╭──
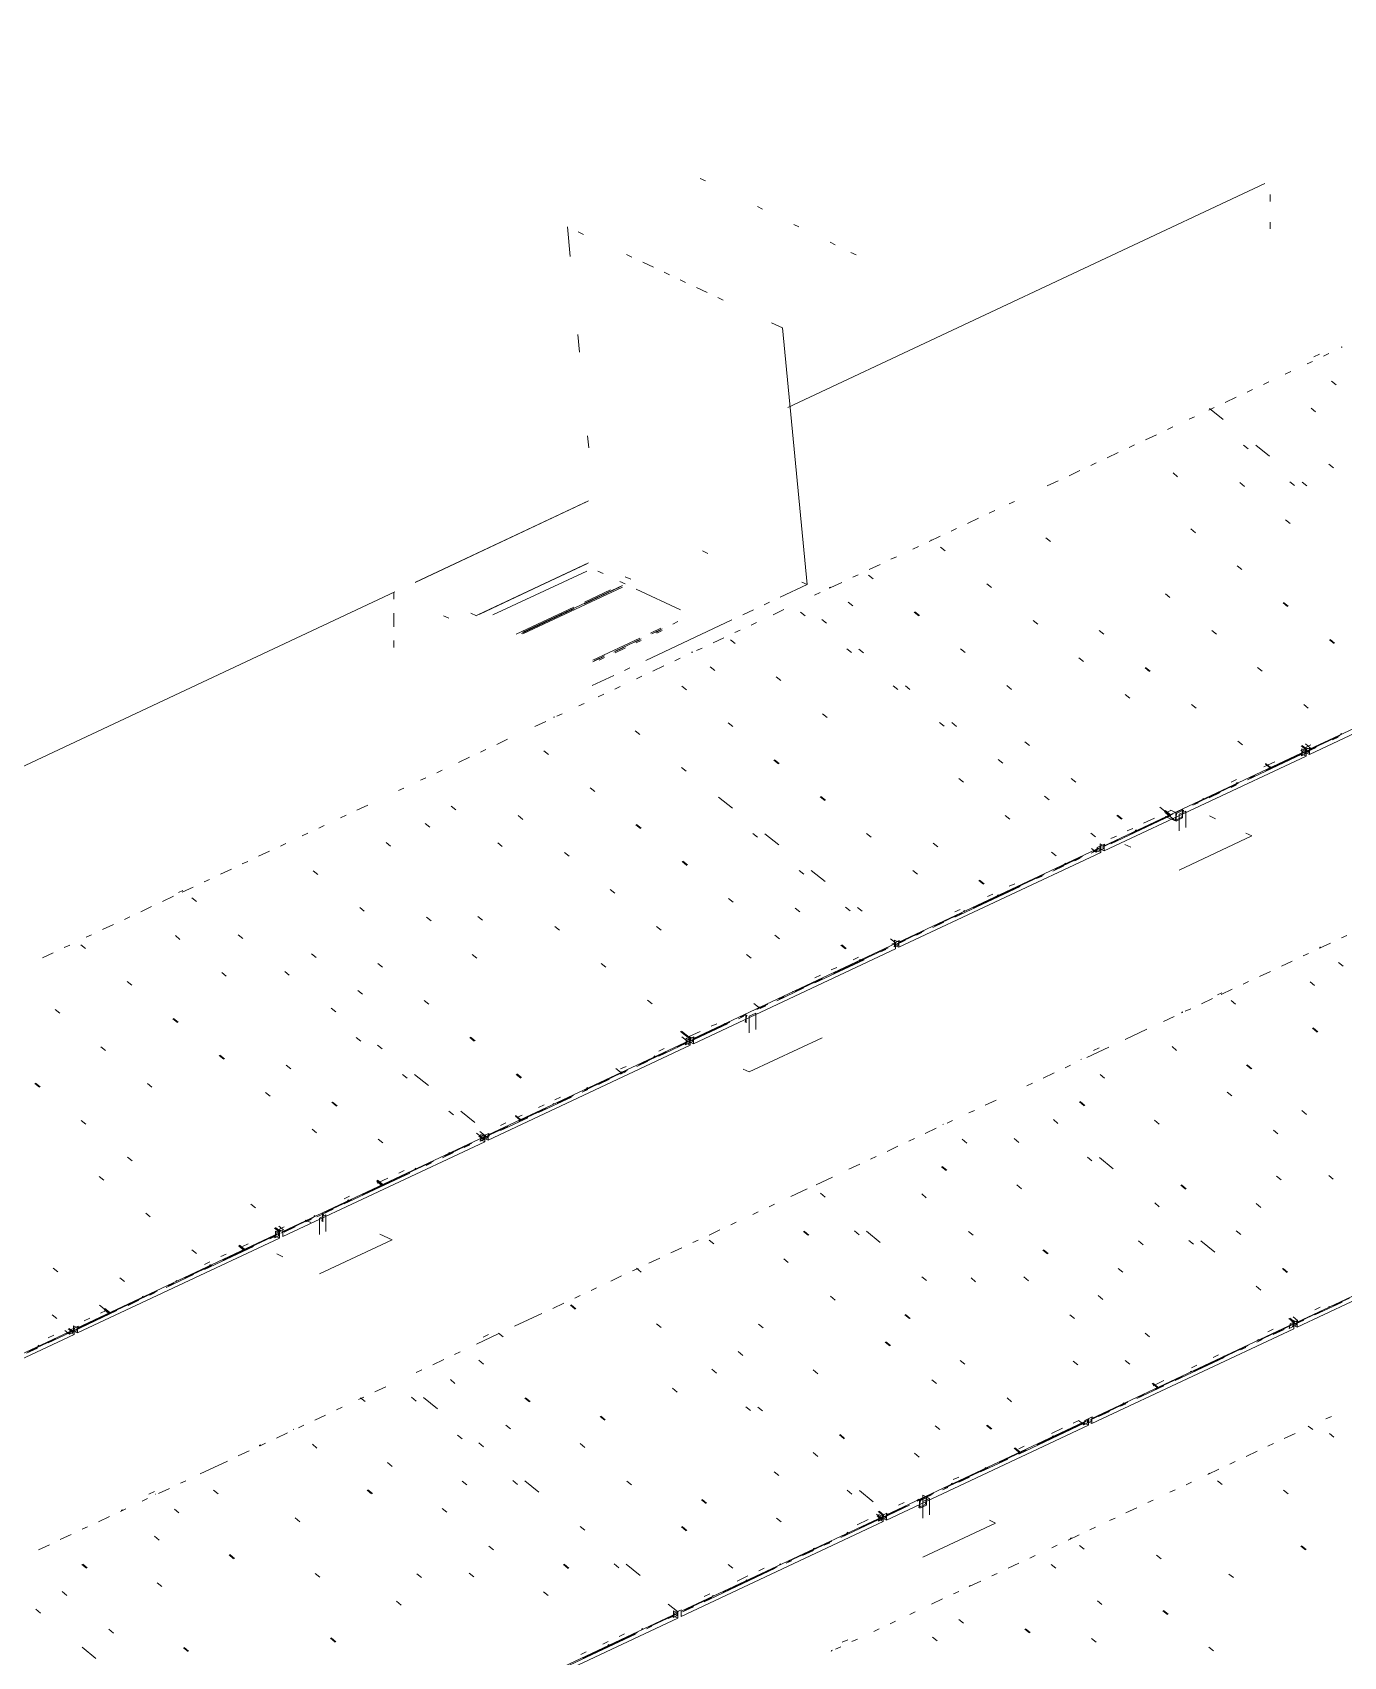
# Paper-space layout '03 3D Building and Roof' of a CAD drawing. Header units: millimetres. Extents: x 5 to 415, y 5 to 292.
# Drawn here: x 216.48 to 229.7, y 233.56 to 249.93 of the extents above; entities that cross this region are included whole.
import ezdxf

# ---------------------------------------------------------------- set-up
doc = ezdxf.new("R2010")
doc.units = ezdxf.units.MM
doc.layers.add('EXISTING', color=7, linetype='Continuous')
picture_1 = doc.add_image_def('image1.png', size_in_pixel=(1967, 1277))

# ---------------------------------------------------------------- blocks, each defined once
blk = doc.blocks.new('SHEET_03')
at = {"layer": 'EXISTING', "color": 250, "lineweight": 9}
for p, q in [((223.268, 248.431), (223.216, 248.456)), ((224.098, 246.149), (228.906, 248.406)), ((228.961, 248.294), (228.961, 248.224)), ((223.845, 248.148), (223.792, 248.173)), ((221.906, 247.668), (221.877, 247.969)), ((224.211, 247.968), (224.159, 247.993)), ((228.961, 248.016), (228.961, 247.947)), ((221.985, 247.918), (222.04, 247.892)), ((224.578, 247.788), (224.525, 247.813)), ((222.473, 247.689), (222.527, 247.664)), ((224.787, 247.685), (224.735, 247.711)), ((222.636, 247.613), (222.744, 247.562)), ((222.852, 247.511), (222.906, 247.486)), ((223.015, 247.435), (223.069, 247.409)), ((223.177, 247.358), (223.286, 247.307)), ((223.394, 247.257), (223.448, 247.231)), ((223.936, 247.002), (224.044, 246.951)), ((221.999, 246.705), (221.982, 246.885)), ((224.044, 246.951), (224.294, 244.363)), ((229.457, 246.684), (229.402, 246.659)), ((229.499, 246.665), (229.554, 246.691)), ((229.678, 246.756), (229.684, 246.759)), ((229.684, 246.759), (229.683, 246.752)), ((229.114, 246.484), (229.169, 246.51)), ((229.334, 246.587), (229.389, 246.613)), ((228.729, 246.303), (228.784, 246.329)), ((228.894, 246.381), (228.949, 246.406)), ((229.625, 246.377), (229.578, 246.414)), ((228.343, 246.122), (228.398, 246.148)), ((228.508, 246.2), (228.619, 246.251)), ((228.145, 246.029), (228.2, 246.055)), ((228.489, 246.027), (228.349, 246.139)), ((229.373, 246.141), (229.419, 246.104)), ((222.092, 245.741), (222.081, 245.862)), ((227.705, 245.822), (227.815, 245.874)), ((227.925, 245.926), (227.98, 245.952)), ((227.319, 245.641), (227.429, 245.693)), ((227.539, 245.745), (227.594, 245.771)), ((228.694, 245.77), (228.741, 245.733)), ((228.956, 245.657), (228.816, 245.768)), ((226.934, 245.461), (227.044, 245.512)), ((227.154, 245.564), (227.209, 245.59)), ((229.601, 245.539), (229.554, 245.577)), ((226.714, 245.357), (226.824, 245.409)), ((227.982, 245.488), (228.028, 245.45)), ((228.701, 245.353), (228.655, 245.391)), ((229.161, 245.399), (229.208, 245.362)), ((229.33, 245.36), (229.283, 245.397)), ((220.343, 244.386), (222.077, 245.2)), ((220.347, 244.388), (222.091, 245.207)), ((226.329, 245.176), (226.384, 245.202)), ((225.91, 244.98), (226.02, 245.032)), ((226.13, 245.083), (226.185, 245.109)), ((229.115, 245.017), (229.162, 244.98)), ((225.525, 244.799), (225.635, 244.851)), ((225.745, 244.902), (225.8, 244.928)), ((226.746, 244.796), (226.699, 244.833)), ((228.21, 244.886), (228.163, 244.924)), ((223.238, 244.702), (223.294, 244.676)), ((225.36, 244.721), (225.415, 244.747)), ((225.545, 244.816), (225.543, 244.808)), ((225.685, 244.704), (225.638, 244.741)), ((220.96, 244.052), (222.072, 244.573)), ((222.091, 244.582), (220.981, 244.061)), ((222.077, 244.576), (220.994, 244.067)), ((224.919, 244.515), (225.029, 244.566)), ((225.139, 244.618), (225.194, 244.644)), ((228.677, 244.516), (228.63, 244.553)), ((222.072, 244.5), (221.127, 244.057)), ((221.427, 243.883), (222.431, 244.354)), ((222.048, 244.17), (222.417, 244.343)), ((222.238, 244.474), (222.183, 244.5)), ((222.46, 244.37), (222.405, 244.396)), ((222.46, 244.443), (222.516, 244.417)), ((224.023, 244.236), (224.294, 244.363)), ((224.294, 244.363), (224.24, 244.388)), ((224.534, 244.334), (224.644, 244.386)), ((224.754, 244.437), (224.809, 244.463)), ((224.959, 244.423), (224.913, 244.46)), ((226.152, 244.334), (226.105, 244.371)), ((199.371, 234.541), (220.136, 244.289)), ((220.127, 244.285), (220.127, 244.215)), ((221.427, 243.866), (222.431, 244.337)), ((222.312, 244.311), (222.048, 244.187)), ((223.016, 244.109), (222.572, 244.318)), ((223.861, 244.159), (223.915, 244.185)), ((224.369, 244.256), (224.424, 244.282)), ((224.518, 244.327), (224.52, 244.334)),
╰──
- PROBLEM: Without the images, write out all of the records exactly.

- ANSWER SECTION:
# Paper-space layout '03 3D Building and Roof' of a CAD drawing. Header units: millimetres. Extents: x 5 to 415, y 5 to 292.
# Drawn here: x 216.48 to 229.7, y 233.56 to 249.93 of the extents above; entities that cross this region are included whole.
import ezdxf

# ---------------------------------------------------------------- set-up
doc = ezdxf.new("R2010")
doc.units = ezdxf.units.MM
doc.layers.add('EXISTING', color=7, linetype='Continuous')
picture_1 = doc.add_image_def('image1.png', size_in_pixel=(1967, 1277))

# ---------------------------------------------------------------- blocks, each defined once
blk = doc.blocks.new('SHEET_03')
at = {"layer": 'EXISTING', "color": 250, "lineweight": 9}
for p, q in [((223.268, 248.431), (223.216, 248.456)), ((224.098, 246.149), (228.906, 248.406)), ((228.961, 248.294), (228.961, 248.224)), ((223.845, 248.148), (223.792, 248.173)), ((221.906, 247.668), (221.877, 247.969)), ((224.211, 247.968), (224.159, 247.993)), ((228.961, 248.016), (228.961, 247.947)), ((221.985, 247.918), (222.04, 247.892)), ((224.578, 247.788), (224.525, 247.813)), ((222.473, 247.689), (222.527, 247.664)), ((224.787, 247.685), (224.735, 247.711)), ((222.636, 247.613), (222.744, 247.562)), ((222.852, 247.511), (222.906, 247.486)), ((223.015, 247.435), (223.069, 247.409)), ((223.177, 247.358), (223.286, 247.307)), ((223.394, 247.257), (223.448, 247.231)), ((223.936, 247.002), (224.044, 246.951)), ((221.999, 246.705), (221.982, 246.885)), ((224.044, 246.951), (224.294, 244.363)), ((229.457, 246.684), (229.402, 246.659)), ((229.499, 246.665), (229.554, 246.691)), ((229.678, 246.756), (229.684, 246.759)), ((229.684, 246.759), (229.683, 246.752)), ((229.114, 246.484), (229.169, 246.51)), ((229.334, 246.587), (229.389, 246.613)), ((228.729, 246.303), (228.784, 246.329)), ((228.894, 246.381), (228.949, 246.406)), ((229.625, 246.377), (229.578, 246.414)), ((228.343, 246.122), (228.398, 246.148)), ((228.508, 246.2), (228.619, 246.251)), ((228.145, 246.029), (228.2, 246.055)), ((228.489, 246.027), (228.349, 246.139)), ((229.373, 246.141), (229.419, 246.104)), ((222.092, 245.741), (222.081, 245.862)), ((227.705, 245.822), (227.815, 245.874)), ((227.925, 245.926), (227.98, 245.952)), ((227.319, 245.641), (227.429, 245.693)), ((227.539, 245.745), (227.594, 245.771)), ((228.694, 245.77), (228.741, 245.733)), ((228.956, 245.657), (228.816, 245.768)), ((226.934, 245.461), (227.044, 245.512)), ((227.154, 245.564), (227.209, 245.59)), ((229.601, 245.539), (229.554, 245.577)), ((226.714, 245.357), (226.824, 245.409)), ((227.982, 245.488), (228.028, 245.45)), ((228.701, 245.353), (228.655, 245.391)), ((229.161, 245.399), (229.208, 245.362)), ((229.33, 245.36), (229.283, 245.397)), ((220.343, 244.386), (222.077, 245.2)), ((220.347, 244.388), (222.091, 245.207)), ((226.329, 245.176), (226.384, 245.202)), ((225.91, 244.98), (226.02, 245.032)), ((226.13, 245.083), (226.185, 245.109)), ((229.115, 245.017), (229.162, 244.98)), ((225.525, 244.799), (225.635, 244.851)), ((225.745, 244.902), (225.8, 244.928)), ((226.746, 244.796), (226.699, 244.833)), ((228.21, 244.886), (228.163, 244.924)), ((223.238, 244.702), (223.294, 244.676)), ((225.36, 244.721), (225.415, 244.747)), ((225.545, 244.816), (225.543, 244.808)), ((225.685, 244.704), (225.638, 244.741)), ((220.96, 244.052), (222.072, 244.573)), ((222.091, 244.582), (220.981, 244.061)), ((222.077, 244.576), (220.994, 244.067)), ((224.919, 244.515), (225.029, 244.566)), ((225.139, 244.618), (225.194, 244.644)), ((228.677, 244.516), (228.63, 244.553)), ((222.072, 244.5), (221.127, 244.057)), ((221.427, 243.883), (222.431, 244.354)), ((222.048, 244.17), (222.417, 244.343)), ((222.238, 244.474), (222.183, 244.5)), ((222.46, 244.37), (222.405, 244.396)), ((222.46, 244.443), (222.516, 244.417)), ((224.023, 244.236), (224.294, 244.363)), ((224.294, 244.363), (224.24, 244.388)), ((224.534, 244.334), (224.644, 244.386)), ((224.754, 244.437), (224.809, 244.463)), ((224.959, 244.423), (224.913, 244.46)), ((226.152, 244.334), (226.105, 244.371)), ((199.371, 234.541), (220.136, 244.289)), ((220.127, 244.285), (220.127, 244.215)), ((221.427, 243.866), (222.431, 244.337)), ((222.312, 244.311), (222.048, 244.187)), ((223.016, 244.109), (222.572, 244.318)), ((223.861, 244.159), (223.915, 244.185)), ((224.369, 244.256), (224.424, 244.282)), ((224.518, 244.327), (224.52, 244.334)),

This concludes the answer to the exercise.